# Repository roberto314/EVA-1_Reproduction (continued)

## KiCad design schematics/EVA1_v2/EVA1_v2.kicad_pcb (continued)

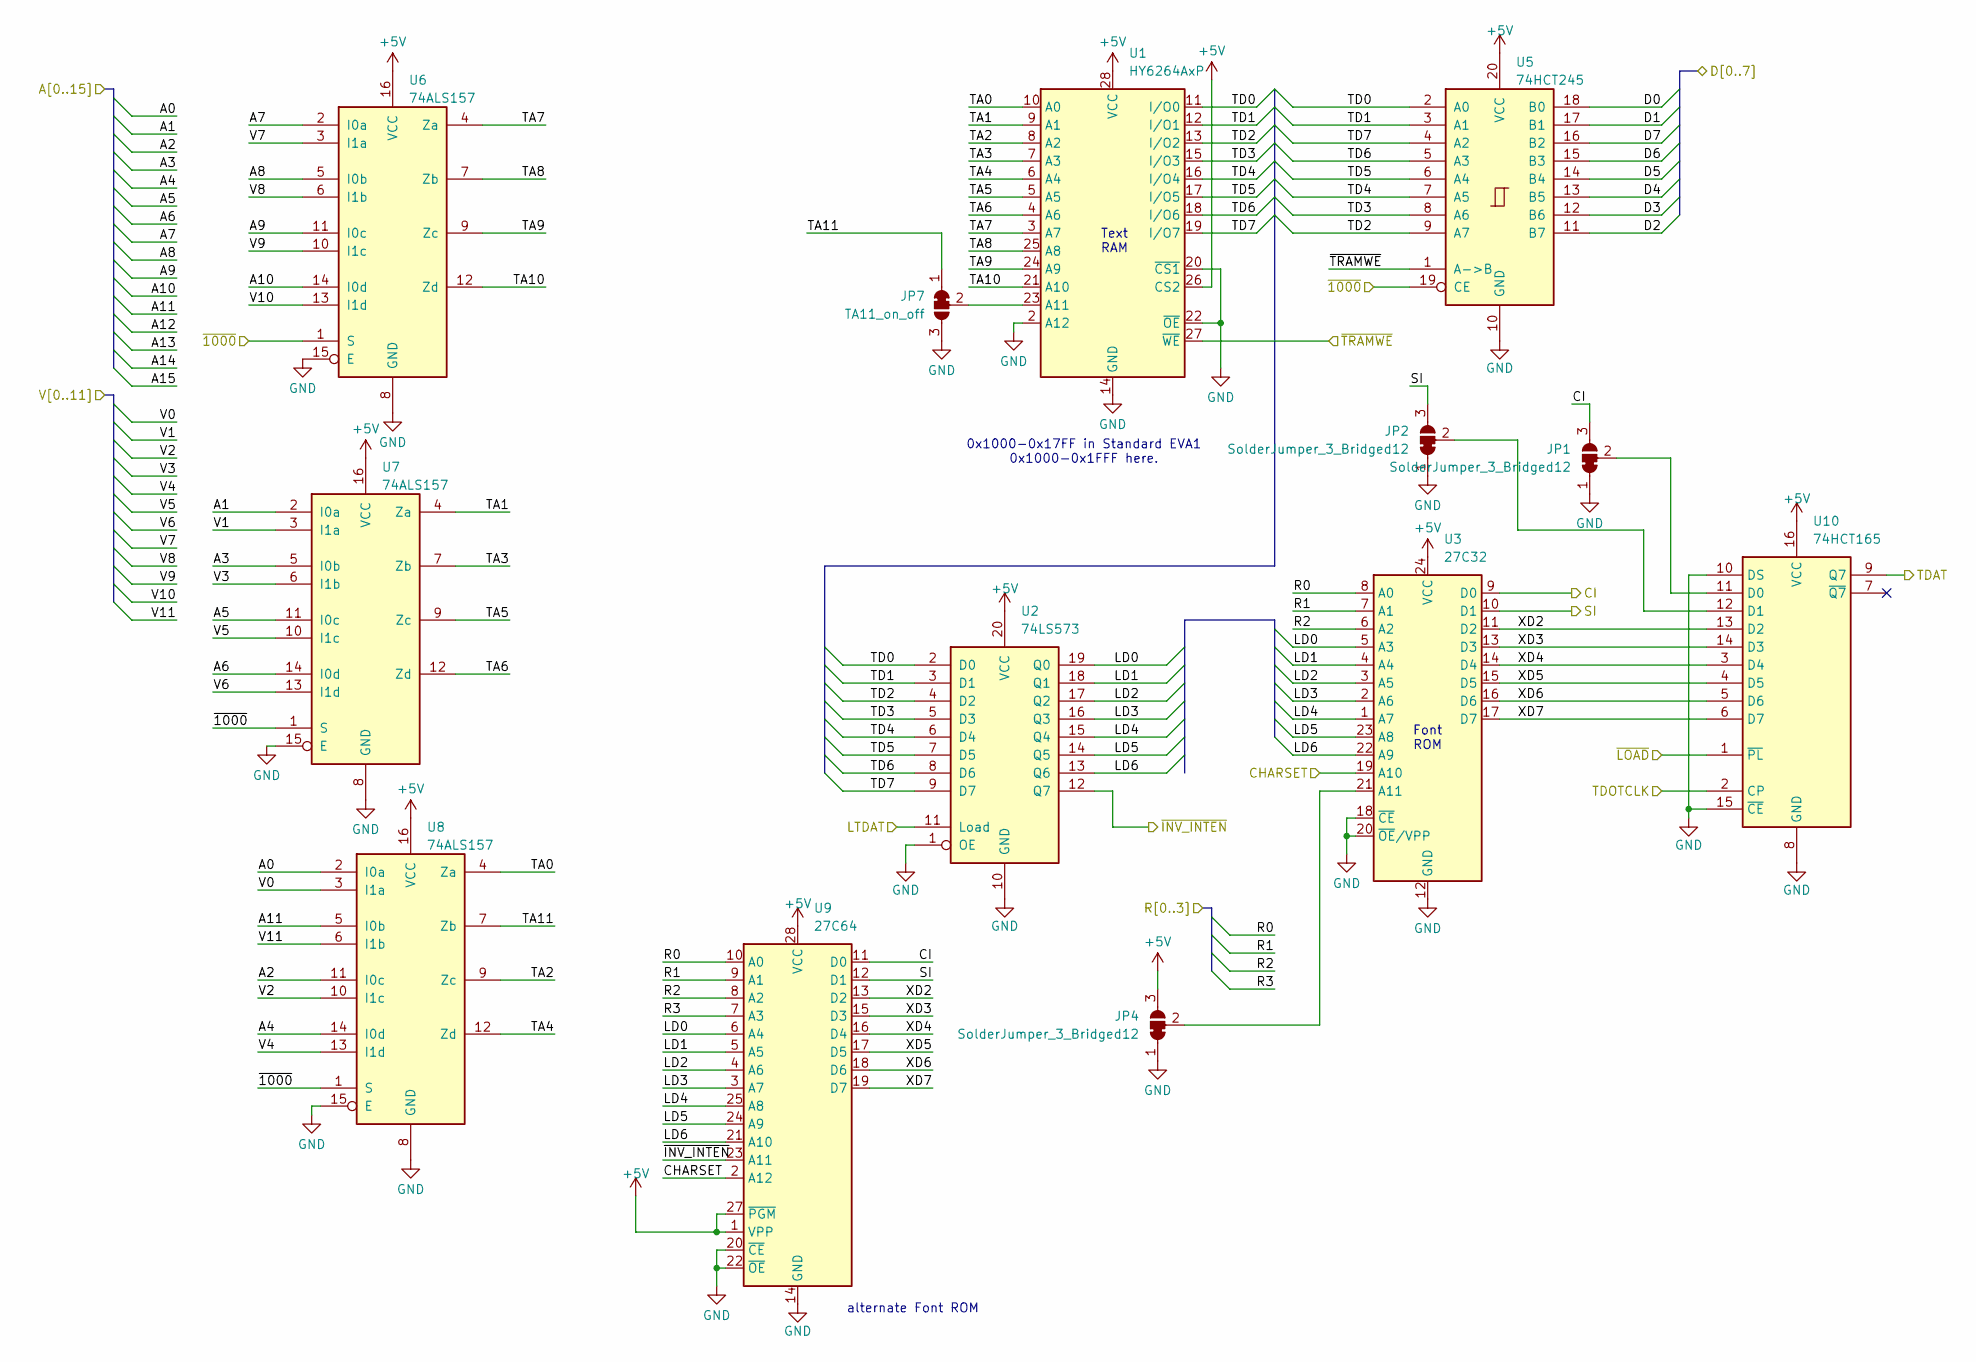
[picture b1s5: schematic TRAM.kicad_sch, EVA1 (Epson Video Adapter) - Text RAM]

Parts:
JP1, JP2, JP4: SolderJumper_3_Bridged12; SolderJumper-3_P1.3mm_Bridged12_RoundedPad1.0x1.5mm
JP7: TA11_on_off; SolderJumper-3_P1.3mm_Bridged12_RoundedPad1.0x1.5mm
U1: HY6264AxP; DIP-28_W15.24mm
U2: 74LS573; DIP-20_W7.62mm
U3: 27C32; DIP-24_W15.24mm
U5: 74HCT245; DIP-20_W7.62mm
U6, U7, U8: 74ALS157; DIP-16_W7.62mm
U9: 27C64; DIP-28_W15.24mm
U10: 74HCT165; DIP-16_W7.62mm_Socket

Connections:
+5V: JP4.3 (B), U1.26 (CS2), U1.28 (VCC), U2.20 (VCC), U3.24 (VCC), U5.20 (VCC), U6.16 (VCC), U7.16 (VCC), U8.16 (VCC), U9.1 (VPP), U9.27 (~PGM), U9.28 (VCC), U10.16 (VCC); also elsewhere on the board
/A0: U8.2 (I0a); also elsewhere on the board
/A1: U7.2 (I0a); also elsewhere on the board
/A2: U8.11 (I0c); also elsewhere on the board
/A3: U7.5 (I0b); also elsewhere on the board
/A4: U8.14 (I0d); also elsewhere on the board
/A5: U7.11 (I0c); also elsewhere on the board
/A6: U7.14 (I0d); also elsewhere on the board
/A7: U6.2 (I0a); also elsewhere on the board
/A8: U6.5 (I0b); also elsewhere on the board
/A9: U6.11 (I0c); also elsewhere on the board
/A10: U6.14 (I0d); also elsewhere on the board
/A11: U8.5 (I0b); also elsewhere on the board
/CHARSET: U3.19 (A10), U9.2 (A12); also elsewhere on the board
/CI: JP1.3 (B), U3.9 (D0), U9.11 (D0)
/D0: U5.18 (B0); also elsewhere on the board
/D1: U5.17 (B1); also elsewhere on the board
/D2: U5.11 (B7); also elsewhere on the board
/D3: U5.12 (B6); also elsewhere on the board
/D4: U5.13 (B5); also elsewhere on the board
/D5: U5.14 (B4); also elsewhere on the board
/D6: U5.15 (B3); also elsewhere on the board
/D7: U5.16 (B2); also elsewhere on the board
/LTDAT: U2.11 (Load); also elsewhere on the board
/R0: U3.8 (A0), U9.10 (A0); also elsewhere on the board
/R1: U3.7 (A1), U9.9 (A1); also elsewhere on the board
/R2: U3.6 (A2), U9.8 (A2); also elsewhere on the board
/R3: U9.7 (A3); also elsewhere on the board
/SI: JP2.3 (B), U3.10 (D1), U9.12 (D1)
/TDAT: U10.9 (Q7); also elsewhere on the board
/TDOTCLK: U10.2 (CP); also elsewhere on the board
/Text RAM, MUX and Shiftregister1/LD0: U2.19 (Q0), U3.5 (A3), U9.6 (A4)
/Text RAM, MUX and Shiftregister1/LD1: U2.18 (Q1), U3.4 (A4), U9.5 (A5)
/Text RAM, MUX and Shiftregister1/LD2: U2.17 (Q2), U3.3 (A5), U9.4 (A6)
/Text RAM, MUX and Shiftregister1/LD3: U2.16 (Q3), U3.2 (A6), U9.3 (A7)
/Text RAM, MUX and Shiftregister1/LD4: U2.15 (Q4), U3.1 (A7), U9.25 (A8)
/Text RAM, MUX and Shiftregister1/LD5: U2.14 (Q5), U3.23 (A8), U9.24 (A9)
/Text RAM, MUX and Shiftregister1/LD6: U2.13 (Q6), U3.22 (A9), U9.21 (A10)
/Text RAM, MUX and Shiftregister1/TA0: U1.10 (A0), U8.4 (Za)
/Text RAM, MUX and Shiftregister1/TA1: U1.9 (A1), U7.4 (Za)
/Text RAM, MUX and Shiftregister1/TA2: U1.8 (A2), U8.9 (Zc)
/Text RAM, MUX and Shiftregister1/TA3: U1.7 (A3), U7.7 (Zb)
/Text RAM, MUX and Shiftregister1/TA4: U1.6 (A4), U8.12 (Zd)
/Text RAM, MUX and Shiftregister1/TA5: U1.5 (A5), U7.9 (Zc)
/Text RAM, MUX and Shiftregister1/TA6: U1.4 (A6), U7.12 (Zd)
/Text RAM, MUX and Shiftregister1/TA7: U1.3 (A7), U6.4 (Za)
/Text RAM, MUX and Shiftregister1/TA8: U1.25 (A8), U6.7 (Zb)
/Text RAM, MUX and Shiftregister1/TA9: U1.24 (A9), U6.9 (Zc)
/Text RAM, MUX and Shiftregister1/TA10: U1.21 (A10), U6.12 (Zd)
/Text RAM, MUX and Shiftregister1/TA11: JP7.1 (A), U8.7 (Zb)
/Text RAM, MUX and Shiftregister1/TD0: U1.11 (I/O0), U2.2 (D0), U5.2 (A0)
/Text RAM, MUX and Shiftregister1/TD1: U1.12 (I/O1), U2.3 (D1), U5.3 (A1)
/Text RAM, MUX and Shiftregister1/TD2: U1.13 (I/O2), U2.4 (D2), U5.9 (A7)
/Text RAM, MUX and Shiftregister1/TD3: U1.15 (I/O3), U2.5 (D3), U5.8 (A6)
/Text RAM, MUX and Shiftregister1/TD4: U1.16 (I/O4), U2.6 (D4), U5.7 (A5)
/Text RAM, MUX and Shiftregister1/TD5: U1.17 (I/O5), U2.7 (D5), U5.6 (A4)
/Text RAM, MUX and Shiftregister1/TD6: U1.18 (I/O6), U2.8 (D6), U5.5 (A3)
/Text RAM, MUX and Shiftregister1/TD7: U1.19 (I/O7), U2.9 (D7), U5.4 (A2)
/Text RAM, MUX and Shiftregister1/XD2: U3.11 (D2), U9.13 (D2), U10.13 (D2)
/Text RAM, MUX and Shiftregister1/XD3: U3.13 (D3), U9.15 (D3), U10.14 (D3)
/Text RAM, MUX and Shiftregister1/XD4: U3.14 (D4), U9.16 (D4), U10.3 (D4)
/Text RAM, MUX and Shiftregister1/XD5: U3.15 (D5), U9.17 (D5), U10.4 (D5)
/Text RAM, MUX and Shiftregister1/XD6: U3.16 (D6), U9.18 (D6), U10.5 (D6)
/Text RAM, MUX and Shiftregister1/XD7: U3.17 (D7), U9.19 (D7), U10.6 (D7)
/Text RAM, MUX and Shiftregister1/~INV_INTEN: U2.12 (Q7), U9.23 (A11); also elsewhere on the board
/V0: U8.3 (I1a); also elsewhere on the board
/V1: U7.3 (I1a); also elsewhere on the board
/V2: U8.10 (I1c); also elsewhere on the board
/V3: U7.6 (I1b); also elsewhere on the board
/V4: U8.13 (I1d); also elsewhere on the board
/V5: U7.10 (I1c); also elsewhere on the board
/V6: U7.13 (I1d); also elsewhere on the board
/V7: U6.3 (I1a); also elsewhere on the board
/V8: U6.6 (I1b); also elsewhere on the board
/V9: U6.10 (I1c); also elsewhere on the board
/V10: U6.13 (I1d); also elsewhere on the board
/V11: U8.6 (I1b); also elsewhere on the board
/~1000: U5.19 (CE), U6.1 (S), U7.1 (S), U8.1 (S); also elsewhere on the board
/~LOAD: U10.1 (~PL); also elsewhere on the board
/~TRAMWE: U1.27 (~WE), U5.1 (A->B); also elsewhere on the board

----------------

### Exercise:
Across the listing above, find all lines where the word "continued" is present and copy them.

### Answer below:
# Repository roberto314/EVA-1_Reproduction (continued)
## KiCad design schematics/EVA1_v2/EVA1_v2.kicad_pcb (continued)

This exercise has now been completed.